Prompt | In the entries below, filter for the word "linetypes" and copy every matching line.

Data supplied |
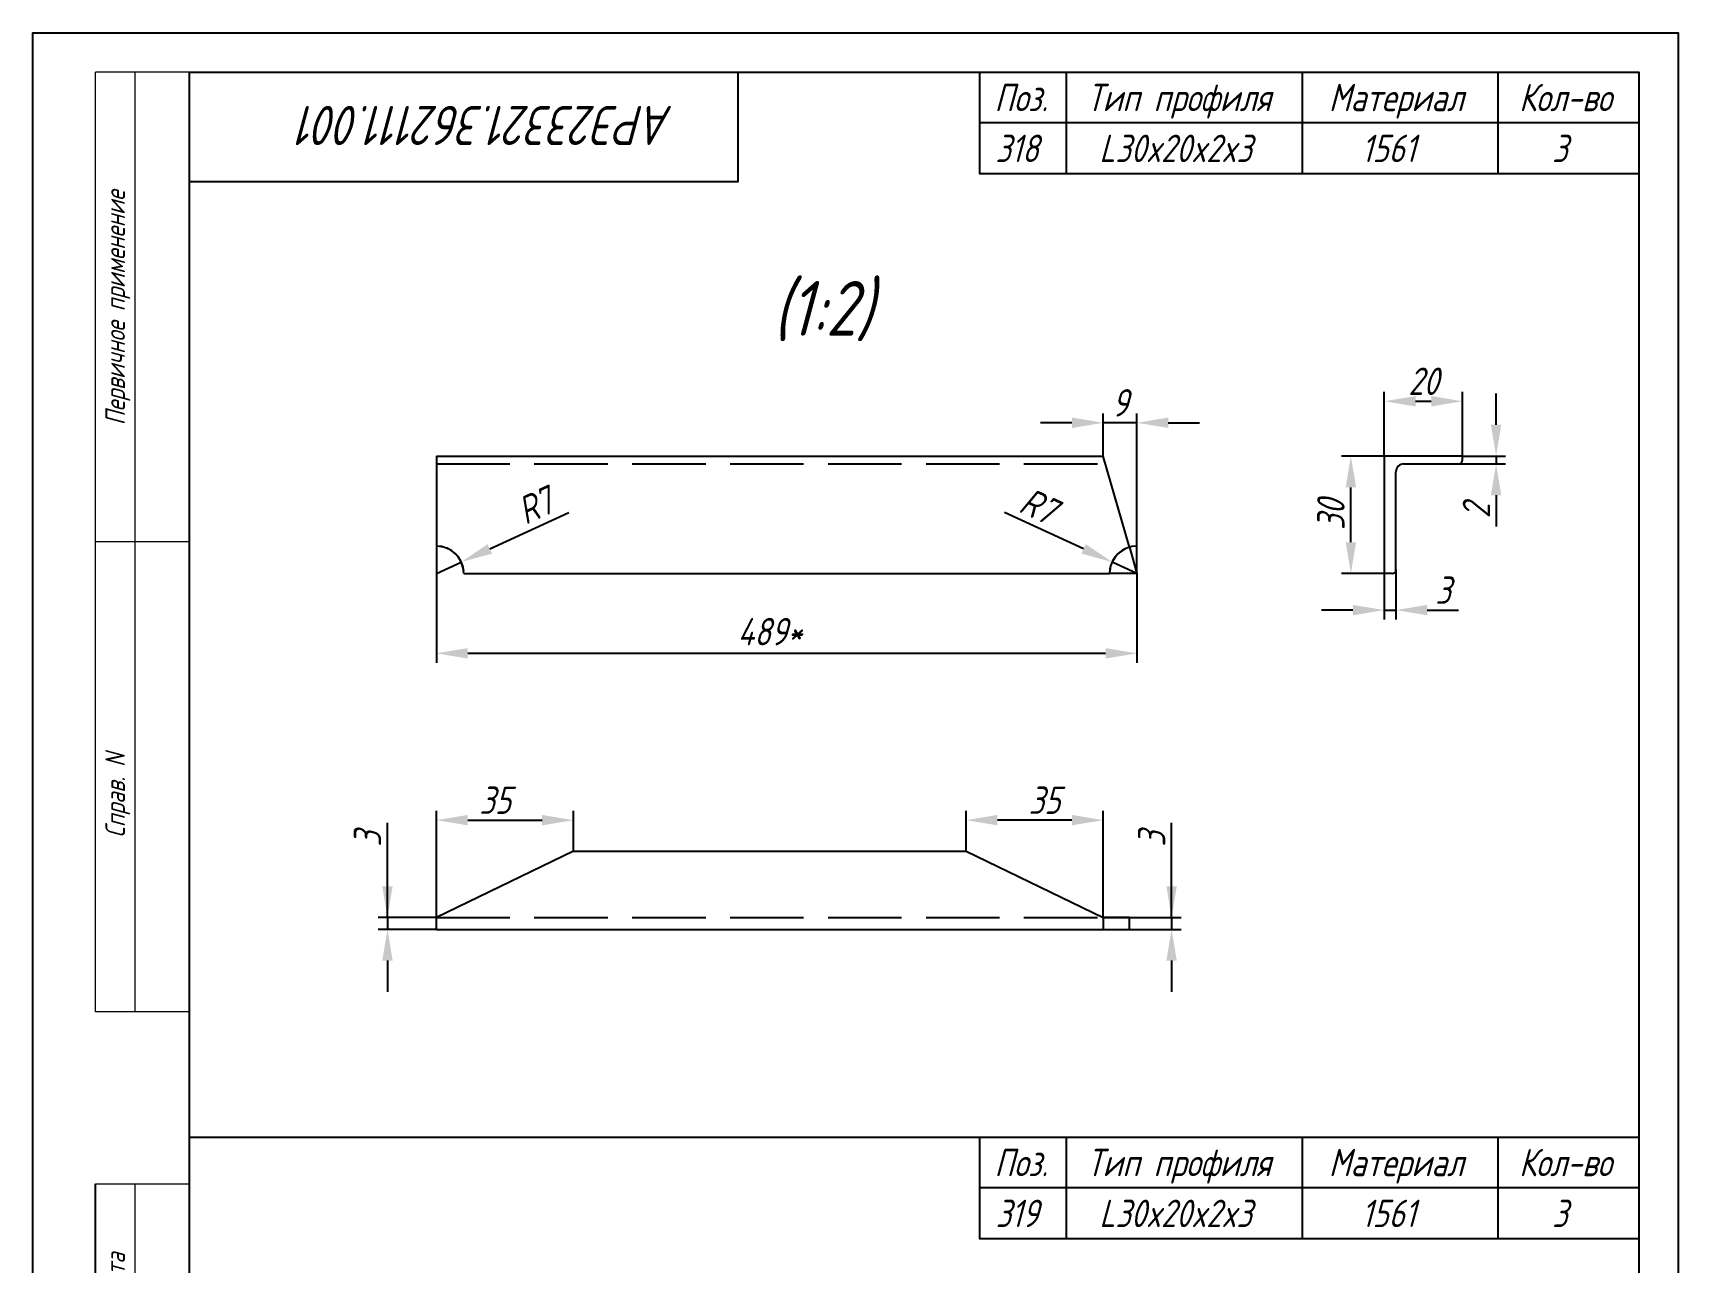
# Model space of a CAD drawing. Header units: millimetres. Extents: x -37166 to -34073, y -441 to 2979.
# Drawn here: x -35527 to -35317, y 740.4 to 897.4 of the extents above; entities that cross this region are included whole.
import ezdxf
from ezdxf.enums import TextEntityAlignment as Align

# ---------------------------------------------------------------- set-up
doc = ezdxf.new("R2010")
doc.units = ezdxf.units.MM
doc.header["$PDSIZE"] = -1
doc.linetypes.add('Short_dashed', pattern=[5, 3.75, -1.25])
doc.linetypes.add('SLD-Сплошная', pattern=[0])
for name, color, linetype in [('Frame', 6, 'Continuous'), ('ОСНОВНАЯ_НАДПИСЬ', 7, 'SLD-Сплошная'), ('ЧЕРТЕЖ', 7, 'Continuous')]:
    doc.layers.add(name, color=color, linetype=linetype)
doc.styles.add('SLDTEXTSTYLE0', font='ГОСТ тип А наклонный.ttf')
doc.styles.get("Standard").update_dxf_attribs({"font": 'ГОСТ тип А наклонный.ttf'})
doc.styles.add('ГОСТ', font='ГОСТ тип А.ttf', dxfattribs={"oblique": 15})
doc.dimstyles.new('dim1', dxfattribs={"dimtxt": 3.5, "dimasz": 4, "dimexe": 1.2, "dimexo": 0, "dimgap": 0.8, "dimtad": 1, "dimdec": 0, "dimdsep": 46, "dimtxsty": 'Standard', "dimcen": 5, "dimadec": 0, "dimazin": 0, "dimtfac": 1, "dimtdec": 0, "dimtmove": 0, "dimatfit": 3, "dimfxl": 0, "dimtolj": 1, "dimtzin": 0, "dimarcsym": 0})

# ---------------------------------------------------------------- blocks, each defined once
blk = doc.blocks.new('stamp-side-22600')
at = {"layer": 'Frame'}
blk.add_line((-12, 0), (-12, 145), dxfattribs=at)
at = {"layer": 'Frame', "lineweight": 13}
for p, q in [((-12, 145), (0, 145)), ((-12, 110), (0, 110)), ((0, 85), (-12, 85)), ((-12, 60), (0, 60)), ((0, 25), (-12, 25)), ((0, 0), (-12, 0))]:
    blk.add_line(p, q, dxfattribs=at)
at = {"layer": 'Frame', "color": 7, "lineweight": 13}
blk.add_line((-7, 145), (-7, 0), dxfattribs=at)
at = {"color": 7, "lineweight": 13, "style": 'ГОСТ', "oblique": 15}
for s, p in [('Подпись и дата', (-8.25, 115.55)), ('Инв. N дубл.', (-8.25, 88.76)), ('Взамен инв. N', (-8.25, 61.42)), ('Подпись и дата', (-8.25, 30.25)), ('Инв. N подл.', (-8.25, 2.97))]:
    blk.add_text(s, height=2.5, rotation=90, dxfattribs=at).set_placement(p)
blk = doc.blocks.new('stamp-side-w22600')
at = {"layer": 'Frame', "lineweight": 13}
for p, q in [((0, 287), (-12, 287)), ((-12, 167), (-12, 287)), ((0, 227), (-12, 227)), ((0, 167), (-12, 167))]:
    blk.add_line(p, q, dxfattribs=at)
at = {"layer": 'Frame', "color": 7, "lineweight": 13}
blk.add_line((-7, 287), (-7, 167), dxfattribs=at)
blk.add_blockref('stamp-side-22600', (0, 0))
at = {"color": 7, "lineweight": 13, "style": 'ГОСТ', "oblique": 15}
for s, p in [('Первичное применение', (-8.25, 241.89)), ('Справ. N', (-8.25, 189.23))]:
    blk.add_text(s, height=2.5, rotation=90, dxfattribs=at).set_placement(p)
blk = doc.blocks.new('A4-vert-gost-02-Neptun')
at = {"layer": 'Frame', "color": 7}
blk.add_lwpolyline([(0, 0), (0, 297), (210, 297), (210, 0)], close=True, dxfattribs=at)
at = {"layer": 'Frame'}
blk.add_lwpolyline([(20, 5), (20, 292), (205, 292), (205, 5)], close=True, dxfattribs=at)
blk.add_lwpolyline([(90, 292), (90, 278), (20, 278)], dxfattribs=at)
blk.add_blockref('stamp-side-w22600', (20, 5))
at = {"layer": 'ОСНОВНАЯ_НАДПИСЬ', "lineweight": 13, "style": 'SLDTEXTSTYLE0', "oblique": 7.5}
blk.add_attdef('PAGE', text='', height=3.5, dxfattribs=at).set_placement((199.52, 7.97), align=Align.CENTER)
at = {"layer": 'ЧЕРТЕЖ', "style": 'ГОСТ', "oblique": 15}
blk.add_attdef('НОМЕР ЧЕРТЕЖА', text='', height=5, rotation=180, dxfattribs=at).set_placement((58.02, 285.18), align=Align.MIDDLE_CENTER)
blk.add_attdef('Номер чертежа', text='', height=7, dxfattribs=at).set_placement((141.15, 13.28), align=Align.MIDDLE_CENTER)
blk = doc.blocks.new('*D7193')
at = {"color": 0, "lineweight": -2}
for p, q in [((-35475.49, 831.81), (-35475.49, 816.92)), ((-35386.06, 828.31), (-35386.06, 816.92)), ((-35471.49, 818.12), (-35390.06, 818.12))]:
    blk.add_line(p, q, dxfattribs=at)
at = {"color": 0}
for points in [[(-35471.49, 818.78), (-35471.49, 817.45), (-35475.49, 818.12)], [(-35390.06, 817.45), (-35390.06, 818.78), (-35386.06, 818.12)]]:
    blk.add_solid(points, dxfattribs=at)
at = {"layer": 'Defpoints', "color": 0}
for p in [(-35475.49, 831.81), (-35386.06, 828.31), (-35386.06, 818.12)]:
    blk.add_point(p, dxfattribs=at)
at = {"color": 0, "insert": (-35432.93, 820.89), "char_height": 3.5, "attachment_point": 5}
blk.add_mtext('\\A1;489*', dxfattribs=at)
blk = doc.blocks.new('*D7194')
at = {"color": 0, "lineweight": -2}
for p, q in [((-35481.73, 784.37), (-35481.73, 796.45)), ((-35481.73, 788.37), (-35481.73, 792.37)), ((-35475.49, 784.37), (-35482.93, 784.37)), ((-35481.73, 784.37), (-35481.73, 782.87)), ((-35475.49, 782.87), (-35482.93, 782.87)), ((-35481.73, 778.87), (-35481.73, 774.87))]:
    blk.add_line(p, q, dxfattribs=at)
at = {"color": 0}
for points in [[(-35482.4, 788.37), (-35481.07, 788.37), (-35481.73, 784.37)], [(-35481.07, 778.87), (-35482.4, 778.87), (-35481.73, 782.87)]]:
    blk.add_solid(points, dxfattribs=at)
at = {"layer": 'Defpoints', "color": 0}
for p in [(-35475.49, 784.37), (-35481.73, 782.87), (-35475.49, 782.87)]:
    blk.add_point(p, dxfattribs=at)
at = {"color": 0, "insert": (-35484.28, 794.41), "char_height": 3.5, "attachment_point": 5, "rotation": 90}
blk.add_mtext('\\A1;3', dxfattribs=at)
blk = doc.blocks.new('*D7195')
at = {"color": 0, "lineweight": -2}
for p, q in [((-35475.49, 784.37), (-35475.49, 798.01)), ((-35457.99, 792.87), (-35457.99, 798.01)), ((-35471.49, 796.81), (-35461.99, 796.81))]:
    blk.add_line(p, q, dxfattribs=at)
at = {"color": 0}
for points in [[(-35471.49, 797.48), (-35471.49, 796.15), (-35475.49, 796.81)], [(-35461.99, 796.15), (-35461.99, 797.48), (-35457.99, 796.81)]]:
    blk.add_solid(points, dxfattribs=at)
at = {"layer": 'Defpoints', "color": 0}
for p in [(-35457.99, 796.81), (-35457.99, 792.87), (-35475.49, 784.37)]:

Completed exercise |
doc.linetypes.add('Short_dashed', pattern=[5, 3.75, -1.25])
doc.linetypes.add('SLD-Сплошная', pattern=[0])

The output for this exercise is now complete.